__Exercise input__.
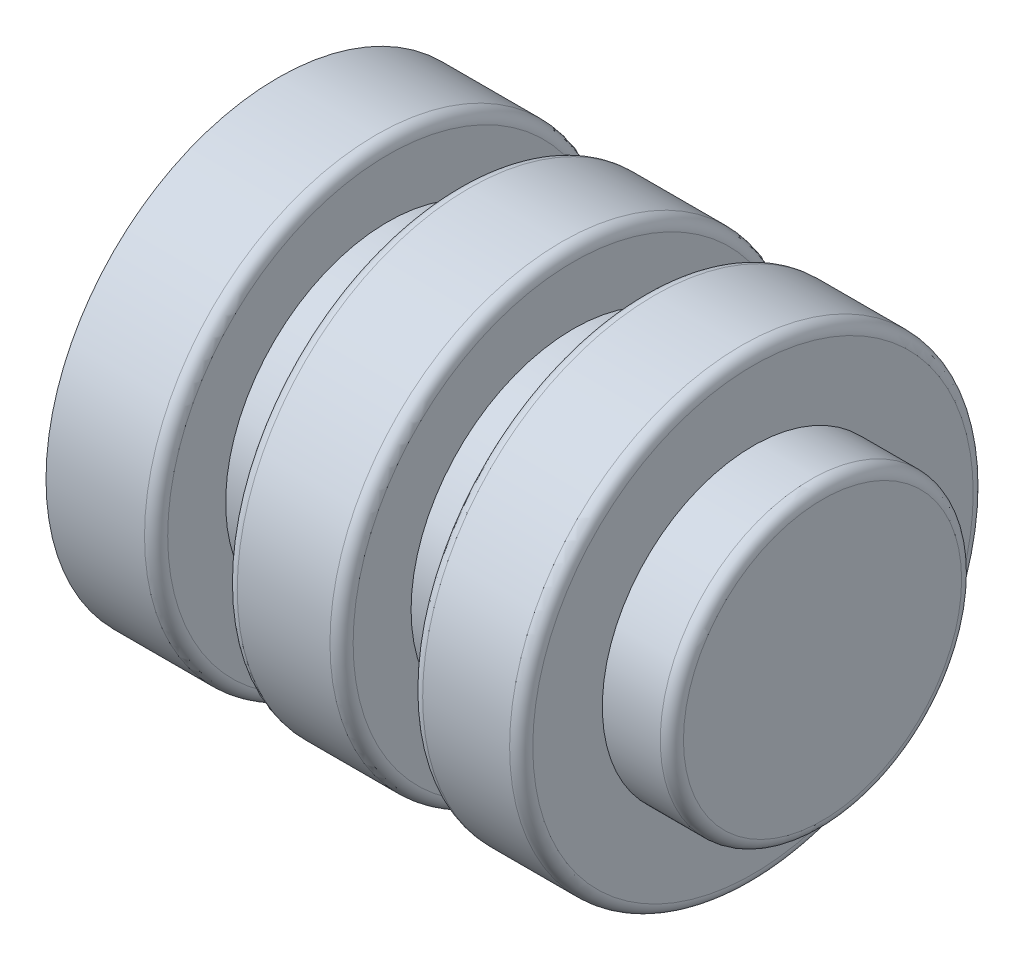
from build123d import *

# Parameters (mm, degrees)
SKETCH1_R           = 10
BOSS_EXTRUDE1_DEPTH = 4.75
SKETCH4_R           = 6.5
BOSS_EXTRUDE2_DEPTH = 3
SKETCH5_R           = 7
BOSS_EXTRUDE3_DEPTH = 3
FILLET1_R           = 0.5
BOSS_EXTRUDE4_START = 5
SKETCH6_R           = 10
BOSS_EXTRUDE4_DEPTH = 5
SKETCH7_R           = 7
BOSS_EXTRUDE5_DEPTH = 3
BOSS_EXTRUDE6_START = 4.75
SKETCH9_R           = 10
BOSS_EXTRUDE6_DEPTH = 4.75
FILLET2_R           = 0.5


with BuildPart() as part:
    # Sketch1 → Boss-Extrude1 (new body)
    with BuildSketch(Plane(origin=(0, 0, 0), x_dir=(0, 0, -1), z_dir=(1, 0, 0))):
        Circle(SKETCH1_R)
    extrude(amount=BOSS_EXTRUDE1_DEPTH)

    # Sketch4 → Boss-Extrude2 (add)
    with BuildSketch(Plane(origin=(4.75, 0, 0), x_dir=(0, 0, -1), z_dir=(1, 0, 0))):
        Circle(SKETCH4_R)
    extrude(amount=BOSS_EXTRUDE2_DEPTH)

    # Sketch5 → Boss-Extrude3 (add)
    with BuildSketch(Plane.ZY):
        with Locations(Location((0, 0, 0), (0, 0, 180))):
            Circle(SKETCH5_R)
    extrude(amount=BOSS_EXTRUDE3_DEPTH)

    # Fillet1
    fillet1_edges = [part.edges().sort_by_distance(p)[0] for p in [
        (7.75, 0, 6.5),
    ]]
    fillet(fillet1_edges, radius=FILLET1_R)

    # Sketch6 → Boss-Extrude4 (add)
    with BuildSketch(Plane.ZY.offset(3).offset(BOSS_EXTRUDE4_START)):
        with Locations(Location((0, 0, 0), (0, 0, 180))):
            Circle(SKETCH6_R)
    extrude(amount=-BOSS_EXTRUDE4_DEPTH)

    # Sketch7 → Boss-Extrude5 (add)
    with BuildSketch(Plane.ZY.offset(8)):
        with Locations(Location((0, 0, 0), (0, 0, 180))):
            Circle(SKETCH7_R)
    extrude(amount=BOSS_EXTRUDE5_DEPTH)

    # Sketch9 → Boss-Extrude6 (add)
    with BuildSketch(Plane.ZY.offset(11).offset(BOSS_EXTRUDE6_START)):
        with Locations(Location((0, 0, 0), (0, 0, 180))):
            Circle(SKETCH9_R)
    extrude(amount=-BOSS_EXTRUDE6_DEPTH)

    # Fillet2
    fillet2_edges = [part.edges().sort_by_distance(p)[0] for p in [
        (-3, 0, 10),
        (-8, 0, 10),
        (0, 0, 10),
        (-11, 0, 10),
        (4.75, 0, 10),
    ]]
    fillet(fillet2_edges, radius=FILLET2_R)


solid = part.part

__Exercise directions__.
This exercise calls for the complete listing, returned exactly and without images.

__Solution__.
from build123d import *

# Parameters (mm, degrees)
SKETCH1_R           = 10
BOSS_EXTRUDE1_DEPTH = 4.75
SKETCH4_R           = 6.5
BOSS_EXTRUDE2_DEPTH = 3
SKETCH5_R           = 7
BOSS_EXTRUDE3_DEPTH = 3
FILLET1_R           = 0.5
BOSS_EXTRUDE4_START = 5
SKETCH6_R           = 10
BOSS_EXTRUDE4_DEPTH = 5
SKETCH7_R           = 7
BOSS_EXTRUDE5_DEPTH = 3
BOSS_EXTRUDE6_START = 4.75
SKETCH9_R           = 10
BOSS_EXTRUDE6_DEPTH = 4.75
FILLET2_R           = 0.5


with BuildPart() as part:
    # Sketch1 → Boss-Extrude1 (new body)
    with BuildSketch(Plane(origin=(0, 0, 0), x_dir=(0, 0, -1), z_dir=(1, 0, 0))):
        Circle(SKETCH1_R)
    extrude(amount=BOSS_EXTRUDE1_DEPTH)

    # Sketch4 → Boss-Extrude2 (add)
    with BuildSketch(Plane(origin=(4.75, 0, 0), x_dir=(0, 0, -1), z_dir=(1, 0, 0))):
        Circle(SKETCH4_R)
    extrude(amount=BOSS_EXTRUDE2_DEPTH)

    # Sketch5 → Boss-Extrude3 (add)
    with BuildSketch(Plane.ZY):
        with Locations(Location((0, 0, 0), (0, 0, 180))):
            Circle(SKETCH5_R)
    extrude(amount=BOSS_EXTRUDE3_DEPTH)

    # Fillet1
    fillet1_edges = [part.edges().sort_by_distance(p)[0] for p in [
        (7.75, 0, 6.5),
    ]]
    fillet(fillet1_edges, radius=FILLET1_R)

    # Sketch6 → Boss-Extrude4 (add)
    with BuildSketch(Plane.ZY.offset(3).offset(BOSS_EXTRUDE4_START)):
        with Locations(Location((0, 0, 0), (0, 0, 180))):
            Circle(SKETCH6_R)
    extrude(amount=-BOSS_EXTRUDE4_DEPTH)

    # Sketch7 → Boss-Extrude5 (add)
    with BuildSketch(Plane.ZY.offset(8)):
        with Locations(Location((0, 0, 0), (0, 0, 180))):
            Circle(SKETCH7_R)
    extrude(amount=BOSS_EXTRUDE5_DEPTH)

    # Sketch9 → Boss-Extrude6 (add)
    with BuildSketch(Plane.ZY.offset(11).offset(BOSS_EXTRUDE6_START)):
        with Locations(Location((0, 0, 0), (0, 0, 180))):
            Circle(SKETCH9_R)
    extrude(amount=-BOSS_EXTRUDE6_DEPTH)

    # Fillet2
    fillet2_edges = [part.edges().sort_by_distance(p)[0] for p in [
        (-3, 0, 10),
        (-8, 0, 10),
        (0, 0, 10),
        (-11, 0, 10),
        (4.75, 0, 10),
    ]]
    fillet(fillet2_edges, radius=FILLET2_R)


solid = part.part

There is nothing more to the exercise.